# Exercise objective
Each line below needs to be returned exactly. Skip any picture.
Segment Open
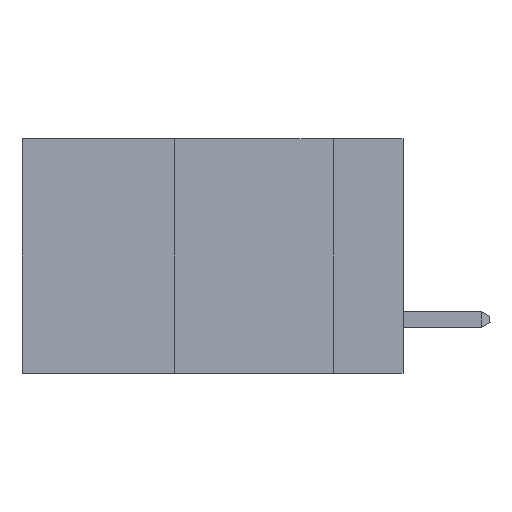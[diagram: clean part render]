
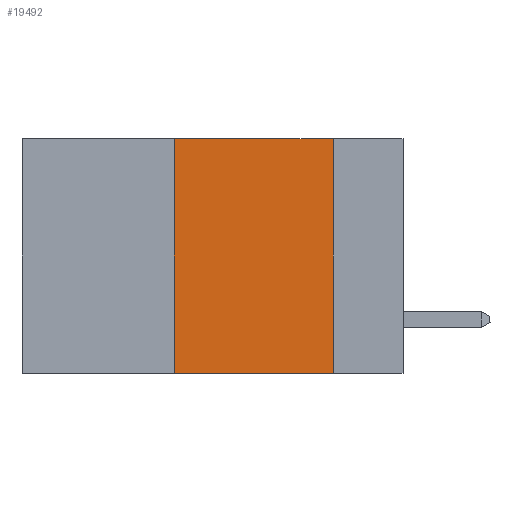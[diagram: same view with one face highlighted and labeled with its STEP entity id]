
A CAD part, left-side view. The second image highlights one B-rep face of the part: STEP entity #19492.
In plain terms, the highlighted planar face has unit normal (-1, 0, 0).
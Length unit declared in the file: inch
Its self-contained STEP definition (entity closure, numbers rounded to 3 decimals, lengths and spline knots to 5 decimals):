
#123 = LINE ( 'NONE', #42378, #48167 ) ;
#4950 = CARTESIAN_POINT ( 'NONE',  ( 0., 0.36, -0.37 ) ) ;
#6034 = DIRECTION ( 'NONE',  ( 1., 0., 0. ) ) ;
#6352 = PLANE ( 'NONE',  #48103 ) ;
#7723 = ORIENTED_EDGE ( 'NONE', *, *, #22416, .F. ) ;
#7758 = DIRECTION ( 'NONE',  ( 0., -1., 0. ) ) ;
#8682 = VERTEX_POINT ( 'NONE', #28005 ) ;
#10250 = LINE ( 'NONE', #34950, #16287 ) ;
#13400 = FACE_OUTER_BOUND ( 'NONE', #40647, .T. ) ;
#13436 = VECTOR ( 'NONE', #7758, 39.37008 ) ;
#13445 = CARTESIAN_POINT ( 'NONE',  ( 0., 0.11, 0. ) ) ;
#13454 = ORIENTED_EDGE ( 'NONE', *, *, #19698, .T. ) ;
#15570 = VECTOR ( 'NONE', #47967, 39.37008 ) ;
#16287 = VECTOR ( 'NONE', #19905, 39.37008 ) ;
#17475 = CARTESIAN_POINT ( 'NONE',  ( 0., 0.6, 0. ) ) ;
#19492 = ADVANCED_FACE ( 'NONE', ( #13400 ), #6352, .F. ) ;
#19698 = EDGE_CURVE ( 'NONE', #43246, #26372, #123, .T. ) ;
#19905 = DIRECTION ( 'NONE',  ( 0., 0., 1. ) ) ;
#20019 = LINE ( 'NONE', #37466, #13436 ) ;
#22416 = EDGE_CURVE ( 'NONE', #8682, #26372, #25758, .T. ) ;
#25758 = LINE ( 'NONE', #13445, #15570 ) ;
#26372 = VERTEX_POINT ( 'NONE', #27680 ) ;
#27680 = CARTESIAN_POINT ( 'NONE',  ( 0., 0.11, -0.37 ) ) ;
#28005 = CARTESIAN_POINT ( 'NONE',  ( 0., 0.11, 0. ) ) ;
#28856 = EDGE_CURVE ( 'NONE', #38683, #8682, #20019, .T. ) ;
#28994 = ORIENTED_EDGE ( 'NONE', *, *, #37445, .F. ) ;
#34950 = CARTESIAN_POINT ( 'NONE',  ( 0., 0.36, 0. ) ) ;
#36709 = DIRECTION ( 'NONE',  ( 0., 0., -1. ) ) ;
#37445 = EDGE_CURVE ( 'NONE', #43246, #38683, #10250, .T. ) ;
#37466 = CARTESIAN_POINT ( 'NONE',  ( 0., 0.6, 0. ) ) ;
#38683 = VERTEX_POINT ( 'NONE', #49581 ) ;
#40647 = EDGE_LOOP ( 'NONE', ( #7723, #44891, #28994, #13454 ) ) ;
#42035 = DIRECTION ( 'NONE',  ( 0., -1., 0. ) ) ;
#42378 = CARTESIAN_POINT ( 'NONE',  ( 0., 0.6, -0.37 ) ) ;
#43246 = VERTEX_POINT ( 'NONE', #4950 ) ;
#44891 = ORIENTED_EDGE ( 'NONE', *, *, #28856, .F. ) ;
#47967 = DIRECTION ( 'NONE',  ( 0., 0., -1. ) ) ;
#48103 = AXIS2_PLACEMENT_3D ( 'NONE', #17475, #6034, #36709 ) ;
#48167 = VECTOR ( 'NONE', #42035, 39.37008 ) ;
#49581 = CARTESIAN_POINT ( 'NONE',  ( 0., 0.36, 0. ) ) ;
Segment Closed
# Exercise output
[diagram: clean part render]
[diagram: same view with one face highlighted and labeled with its STEP entity id]
A CAD part, left-side view. The second image highlights one B-rep face of the part: STEP entity #19492.
In plain terms, the highlighted planar face has unit normal (-1, 0, 0).
Length unit declared in the file: inch
Its self-contained STEP definition (entity closure, numbers rounded to 3 decimals, lengths and spline knots to 5 decimals):
#123 = LINE ( 'NONE', #42378, #48167 ) ;
#4950 = CARTESIAN_POINT ( 'NONE',  ( 0., 0.36, -0.37 ) ) ;
#6034 = DIRECTION ( 'NONE',  ( 1., 0., 0. ) ) ;
#6352 = PLANE ( 'NONE',  #48103 ) ;
#7723 = ORIENTED_EDGE ( 'NONE', *, *, #22416, .F. ) ;
#7758 = DIRECTION ( 'NONE',  ( 0., -1., 0. ) ) ;
#8682 = VERTEX_POINT ( 'NONE', #28005 ) ;
#10250 = LINE ( 'NONE', #34950, #16287 ) ;
#13400 = FACE_OUTER_BOUND ( 'NONE', #40647, .T. ) ;
#13436 = VECTOR ( 'NONE', #7758, 39.37008 ) ;
#13445 = CARTESIAN_POINT ( 'NONE',  ( 0., 0.11, 0. ) ) ;
#13454 = ORIENTED_EDGE ( 'NONE', *, *, #19698, .T. ) ;
#15570 = VECTOR ( 'NONE', #47967, 39.37008 ) ;
#16287 = VECTOR ( 'NONE', #19905, 39.37008 ) ;
#17475 = CARTESIAN_POINT ( 'NONE',  ( 0., 0.6, 0. ) ) ;
#19492 = ADVANCED_FACE ( 'NONE', ( #13400 ), #6352, .F. ) ;
#19698 = EDGE_CURVE ( 'NONE', #43246, #26372, #123, .T. ) ;
#19905 = DIRECTION ( 'NONE',  ( 0., 0., 1. ) ) ;
#20019 = LINE ( 'NONE', #37466, #13436 ) ;
#22416 = EDGE_CURVE ( 'NONE', #8682, #26372, #25758, .T. ) ;
#25758 = LINE ( 'NONE', #13445, #15570 ) ;
#26372 = VERTEX_POINT ( 'NONE', #27680 ) ;
#27680 = CARTESIAN_POINT ( 'NONE',  ( 0., 0.11, -0.37 ) ) ;
#28005 = CARTESIAN_POINT ( 'NONE',  ( 0., 0.11, 0. ) ) ;
#28856 = EDGE_CURVE ( 'NONE', #38683, #8682, #20019, .T. ) ;
#28994 = ORIENTED_EDGE ( 'NONE', *, *, #37445, .F. ) ;
#34950 = CARTESIAN_POINT ( 'NONE',  ( 0., 0.36, 0. ) ) ;
#36709 = DIRECTION ( 'NONE',  ( 0., 0., -1. ) ) ;
#37445 = EDGE_CURVE ( 'NONE', #43246, #38683, #10250, .T. ) ;
#37466 = CARTESIAN_POINT ( 'NONE',  ( 0., 0.6, 0. ) ) ;
#38683 = VERTEX_POINT ( 'NONE', #49581 ) ;
#40647 = EDGE_LOOP ( 'NONE', ( #7723, #44891, #28994, #13454 ) ) ;
#42035 = DIRECTION ( 'NONE',  ( 0., -1., 0. ) ) ;
#42378 = CARTESIAN_POINT ( 'NONE',  ( 0., 0.6, -0.37 ) ) ;
#43246 = VERTEX_POINT ( 'NONE', #4950 ) ;
#44891 = ORIENTED_EDGE ( 'NONE', *, *, #28856, .F. ) ;
#47967 = DIRECTION ( 'NONE',  ( 0., 0., -1. ) ) ;
#48103 = AXIS2_PLACEMENT_3D ( 'NONE', #17475, #6034, #36709 ) ;
#48167 = VECTOR ( 'NONE', #42035, 39.37008 ) ;
#49581 = CARTESIAN_POINT ( 'NONE',  ( 0., 0.36, 0. ) ) ;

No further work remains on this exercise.